## Problem requirements
With the pictures omitted, write out the entries that follow exactly as they stand.

## Dataset entries
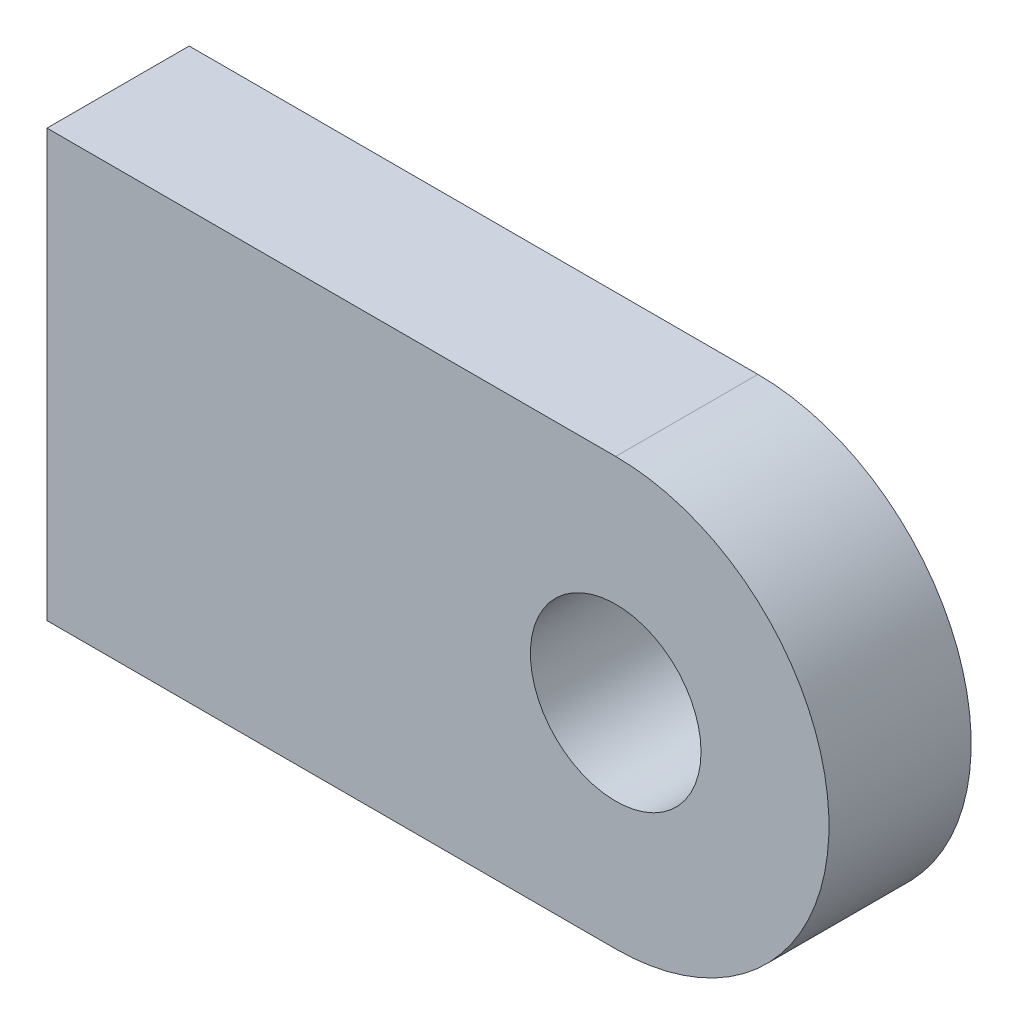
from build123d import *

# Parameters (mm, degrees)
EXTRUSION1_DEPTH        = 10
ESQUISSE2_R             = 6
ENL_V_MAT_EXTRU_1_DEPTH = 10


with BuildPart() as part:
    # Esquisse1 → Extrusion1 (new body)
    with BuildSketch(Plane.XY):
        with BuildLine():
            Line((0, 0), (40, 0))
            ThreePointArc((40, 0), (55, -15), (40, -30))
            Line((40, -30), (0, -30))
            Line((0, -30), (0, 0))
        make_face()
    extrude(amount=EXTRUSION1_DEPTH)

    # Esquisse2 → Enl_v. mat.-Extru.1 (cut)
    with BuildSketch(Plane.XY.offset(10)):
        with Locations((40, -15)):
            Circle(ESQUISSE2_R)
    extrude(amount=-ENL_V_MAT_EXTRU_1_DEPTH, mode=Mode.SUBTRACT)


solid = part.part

## Written solution
from build123d import *

# Parameters (mm, degrees)
EXTRUSION1_DEPTH        = 10
ESQUISSE2_R             = 6
ENL_V_MAT_EXTRU_1_DEPTH = 10


with BuildPart() as part:
    # Esquisse1 → Extrusion1 (new body)
    with BuildSketch(Plane.XY):
        with BuildLine():
            Line((0, 0), (40, 0))
            ThreePointArc((40, 0), (55, -15), (40, -30))
            Line((40, -30), (0, -30))
            Line((0, -30), (0, 0))
        make_face()
    extrude(amount=EXTRUSION1_DEPTH)

    # Esquisse2 → Enl_v. mat.-Extru.1 (cut)
    with BuildSketch(Plane.XY.offset(10)):
        with Locations((40, -15)):
            Circle(ESQUISSE2_R)
    extrude(amount=-ENL_V_MAT_EXTRU_1_DEPTH, mode=Mode.SUBTRACT)


solid = part.part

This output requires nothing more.